Für das Pfalznetz zeichnet sich bereits ab, dass an einigen Stellen die Elektrifizierung von Teilabschnitten erforderlich wäre, um die Reichweite der Batteriefahrzeuge auf das erforderliche Niveau zu bringen. Nicht überall sind die Voraussetzungen für den Einsatz von E/E-Hybriden so gut wie auf der Linie von Kaiserslautern nach Kusel, die zwischen Kaiserslautern und Landstuhl auf einer elektrifizierten Strecke verläuft. Wenn Streckenabschnitte und Bahnhöfe elektrifiziert werden, um Batteriefahrzeuge flexibel einsetzen zu können, sollen diese Elektrifizierungen „aufwärtskompatibel“ erfolgen, so dass sie als Einstieg in eine Gesamtelektrifizierung dienen können, betonte Brechtel. Für den Germersheimer Landrat haben diese punktuellen Maßnahmen für die Elektrifizierung des Betriebs auf dem heutigen Dieselnetz Vorrang vor der Leitungselektrifizierung einzelner Strecken wie der von Neustadt nach Wörth. Falls dank eines Sonderprogramms des Bundes genügend Mittel zur Verfügung stehen, sei auch die Elektrifizierung der Strecke Neustadt–Wörth wünschenswert. „Wir wollen nicht nur auf einer einzigen Strecke mit elektrischen Zügen fahren, sondern auf einem umfangreichen Netz in der West- und Südpfalz, um die Mobilität der Bürger zu verbessern und einen wesentlichen Beitrag zum Klimaschutz zu leisten. Je mehr Finanzmittel dafür zur Verfügung gestellt werden, umso rascher kann diese Umstellung erfolgen, daher blicken wir erwartungsvoll auf die angekündigten Bundesmittel“, betonte Brechtel.
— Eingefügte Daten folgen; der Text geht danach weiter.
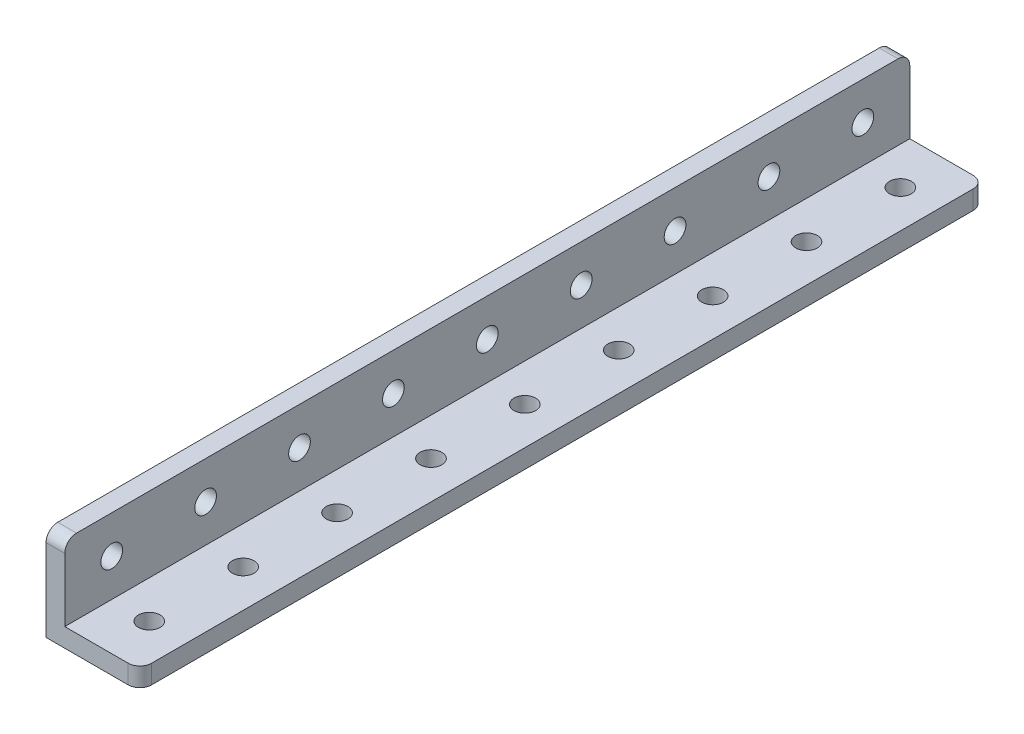
ISO-10303-21;
HEADER;
FILE_DESCRIPTION(('STEP AP214'),'2;1');
FILE_NAME('part.step','',(''),(''),'','','');
FILE_SCHEMA(('AUTOMOTIVE_DESIGN { 1 0 10303 214 1 1 1 1 }'));
ENDSEC;
DATA;
#1=APPLICATION_CONTEXT('core data for automotive mechanical design processes');
#2=APPLICATION_PROTOCOL_DEFINITION('international standard','automotive_design',2000,#1);
#3=PRODUCT_CONTEXT('',#1,'mechanical');
#4=PRODUCT('Part','Part','',(#3));
#5=PRODUCT_RELATED_PRODUCT_CATEGORY('part','',(#4));
#6=PRODUCT_DEFINITION_FORMATION('','',#4);
#7=PRODUCT_DEFINITION_CONTEXT('part definition',#1,'design');
#8=PRODUCT_DEFINITION('design','',#6,#7);
#9=PRODUCT_DEFINITION_SHAPE('','',#8);
#10=(LENGTH_UNIT() NAMED_UNIT(*) SI_UNIT(.MILLI.,.METRE.));
#11=(NAMED_UNIT(*) PLANE_ANGLE_UNIT() SI_UNIT($,.RADIAN.));
#12=(NAMED_UNIT(*) SI_UNIT($,.STERADIAN.) SOLID_ANGLE_UNIT());
#13=UNCERTAINTY_MEASURE_WITH_UNIT(LENGTH_MEASURE(1.E-05),#10,'distance_accuracy_value','');
#14=(GEOMETRIC_REPRESENTATION_CONTEXT(3) GLOBAL_UNCERTAINTY_ASSIGNED_CONTEXT((#13)) GLOBAL_UNIT_ASSIGNED_CONTEXT((#10,
#11,#12)) REPRESENTATION_CONTEXT('',''));
#15=CARTESIAN_POINT('',(0.,0.,0.));
#16=DIRECTION('',(0.,0.,1.));
#17=DIRECTION('',(1.,0.,0.));
#18=AXIS2_PLACEMENT_3D('',#15,#16,#17);
#19=CARTESIAN_POINT('',(0.,16.,-72.));
#20=DIRECTION('',(-1.,0.,0.));
#21=DIRECTION('',(0.,-1.,0.));
#22=AXIS2_PLACEMENT_3D('',#19,#20,#21);
#23=PLANE('',#22);
#24=CARTESIAN_POINT('',(0.,9.6,64.));
#25=DIRECTION('',(-1.,0.,0.));
#26=DIRECTION('',(0.,-1.,0.));
#27=AXIS2_PLACEMENT_3D('',#24,#25,#26);
#28=CIRCLE('',#27,1.85);
#29=CARTESIAN_POINT('',(0.,7.75,64.));
#30=VERTEX_POINT('',#29);
#31=EDGE_CURVE('E231',#30,#30,#28,.T.);
#32=ORIENTED_EDGE('',*,*,#31,.F.);
#33=EDGE_LOOP('',(#32));
#34=FACE_BOUND('',#33,.T.);
#35=CARTESIAN_POINT('',(0.,9.6,48.));
#36=DIRECTION('',(-1.,0.,0.));
#37=DIRECTION('',(0.,-1.,0.));
#38=AXIS2_PLACEMENT_3D('',#35,#36,#37);
#39=CIRCLE('',#38,1.85);
#40=CARTESIAN_POINT('',(0.,7.75,48.));
#41=VERTEX_POINT('',#40);
#42=EDGE_CURVE('E221',#41,#41,#39,.T.);
#43=ORIENTED_EDGE('',*,*,#42,.F.);
#44=EDGE_LOOP('',(#43));
#45=FACE_BOUND('',#44,.T.);
#46=CARTESIAN_POINT('',(0.,9.6,32.));
#47=DIRECTION('',(-1.,0.,0.));
#48=DIRECTION('',(0.,-1.,0.));
#49=AXIS2_PLACEMENT_3D('',#46,#47,#48);
#50=CIRCLE('',#49,1.85);
#51=CARTESIAN_POINT('',(0.,7.75,32.));
#52=VERTEX_POINT('',#51);
#53=EDGE_CURVE('E218',#52,#52,#50,.T.);
#54=ORIENTED_EDGE('',*,*,#53,.F.);
#55=EDGE_LOOP('',(#54));
#56=FACE_BOUND('',#55,.T.);
#57=CARTESIAN_POINT('',(0.,9.6,16.));
#58=DIRECTION('',(-1.,0.,0.));
#59=DIRECTION('',(0.,-1.,0.));
#60=AXIS2_PLACEMENT_3D('',#57,#58,#59);
#61=CIRCLE('',#60,1.85);
#62=CARTESIAN_POINT('',(0.,7.75,16.));
#63=VERTEX_POINT('',#62);
#64=EDGE_CURVE('E215',#63,#63,#61,.T.);
#65=ORIENTED_EDGE('',*,*,#64,.F.);
#66=EDGE_LOOP('',(#65));
#67=FACE_BOUND('',#66,.T.);
#68=CARTESIAN_POINT('',(0.,9.6,-64.));
#69=DIRECTION('',(-1.,0.,0.));
#70=DIRECTION('',(0.,-1.,0.));
#71=AXIS2_PLACEMENT_3D('',#68,#69,#70);
#72=CIRCLE('',#71,1.85);
#73=CARTESIAN_POINT('',(0.,7.75,-64.));
#74=VERTEX_POINT('',#73);
#75=EDGE_CURVE('E211',#74,#74,#72,.T.);
#76=ORIENTED_EDGE('',*,*,#75,.F.);
#77=EDGE_LOOP('',(#76));
#78=FACE_BOUND('',#77,.T.);
#79=CARTESIAN_POINT('',(0.,9.6,-48.));
#80=DIRECTION('',(-1.,0.,0.));
#81=DIRECTION('',(0.,-1.,0.));
#82=AXIS2_PLACEMENT_3D('',#79,#80,#81);
#83=CIRCLE('',#82,1.85);
#84=CARTESIAN_POINT('',(0.,7.75,-48.));
#85=VERTEX_POINT('',#84);
#86=EDGE_CURVE('E207',#85,#85,#83,.T.);
#87=ORIENTED_EDGE('',*,*,#86,.F.);
#88=EDGE_LOOP('',(#87));
#89=FACE_BOUND('',#88,.T.);
#90=CARTESIAN_POINT('',(0.,9.6,-32.));
#91=DIRECTION('',(-1.,0.,0.));
#92=DIRECTION('',(0.,-1.,0.));
#93=AXIS2_PLACEMENT_3D('',#90,#91,#92);
#94=CIRCLE('',#93,1.85);
#95=CARTESIAN_POINT('',(0.,7.75,-32.));
#96=VERTEX_POINT('',#95);
#97=EDGE_CURVE('E203',#96,#96,#94,.T.);
#98=ORIENTED_EDGE('',*,*,#97,.F.);
#99=EDGE_LOOP('',(#98));
#100=FACE_BOUND('',#99,.T.);
#101=CARTESIAN_POINT('',(0.,9.6,-16.));
#102=DIRECTION('',(-1.,0.,0.));
#103=DIRECTION('',(0.,-1.,0.));
#104=AXIS2_PLACEMENT_3D('',#101,#102,#103);
#105=CIRCLE('',#104,1.85);
#106=CARTESIAN_POINT('',(0.,7.75,-16.));
#107=VERTEX_POINT('',#106);
#108=EDGE_CURVE('E199',#107,#107,#105,.T.);
#109=ORIENTED_EDGE('',*,*,#108,.F.);
#110=EDGE_LOOP('',(#109));
#111=FACE_BOUND('',#110,.T.);
#112=CARTESIAN_POINT('',(0.,9.6,0.));
#113=DIRECTION('',(-1.,0.,0.));
#114=DIRECTION('',(0.,-1.,0.));
#115=AXIS2_PLACEMENT_3D('',#112,#113,#114);
#116=CIRCLE('',#115,1.85);
#117=CARTESIAN_POINT('',(0.,7.75,0.));
#118=VERTEX_POINT('',#117);
#119=EDGE_CURVE('E194',#118,#118,#116,.T.);
#120=ORIENTED_EDGE('',*,*,#119,.F.);
#121=EDGE_LOOP('',(#120));
#122=FACE_BOUND('',#121,.T.);
#123=DIRECTION('',(0.,0.,1.));
#124=VECTOR('',#123,1.);
#125=CARTESIAN_POINT('',(0.,16.,-72.));
#126=LINE('',#125,#124);
#127=CARTESIAN_POINT('',(0.,16.,-70.));
#128=VERTEX_POINT('',#127);
#129=CARTESIAN_POINT('',(0.,16.,70.));
#130=VERTEX_POINT('',#129);
#131=EDGE_CURVE('E151',#128,#130,#126,.T.);
#132=ORIENTED_EDGE('',*,*,#131,.F.);
#133=CARTESIAN_POINT('',(0.,14.,-70.));
#134=DIRECTION('',(-1.,0.,0.));
#135=DIRECTION('',(0.,-1.,0.));
#136=AXIS2_PLACEMENT_3D('',#133,#134,#135);
#137=CIRCLE('',#136,2.);
#138=CARTESIAN_POINT('',(0.,14.,-72.));
#139=VERTEX_POINT('',#138);
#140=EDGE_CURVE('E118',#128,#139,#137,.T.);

Der Zweckverband in Kaiserslautern lässt vom gleichen Gutachter, der auch die inzwischen viel zitierte Untersuchung für die Bayerische Eisenbahngesellschaft (BEG) über die Elektrifizierung des Bahnbetriebs erstellt hat, verschiedene Varianten der Elektrifizierung in der Pfalz analysieren. Das Ergebnis dieser Untersuchungen soll laut Brechtel im Sommer 2019 vorliegen.

Nils fragt: Was ist ein Hybrid?

Das Wort Hybrid kann je nach dem Zusammenhang, in dem es verwendet wird, ganz unterschiedliche Bedeutungen haben. Am häufigsten hört man das Wort heute, wenn es um Fahrzeuge geht, die zwei verschiedene Antriebe haben. Besonders bekannt sind die Autos des japanischen Herstellers Toyota, der als erster in großem Stil Fahrzeuge mit einem Benzin- und einem Elektroantrieb ausrüstete. Der Elektroantrieb wird besonders in der Stadt genutzt.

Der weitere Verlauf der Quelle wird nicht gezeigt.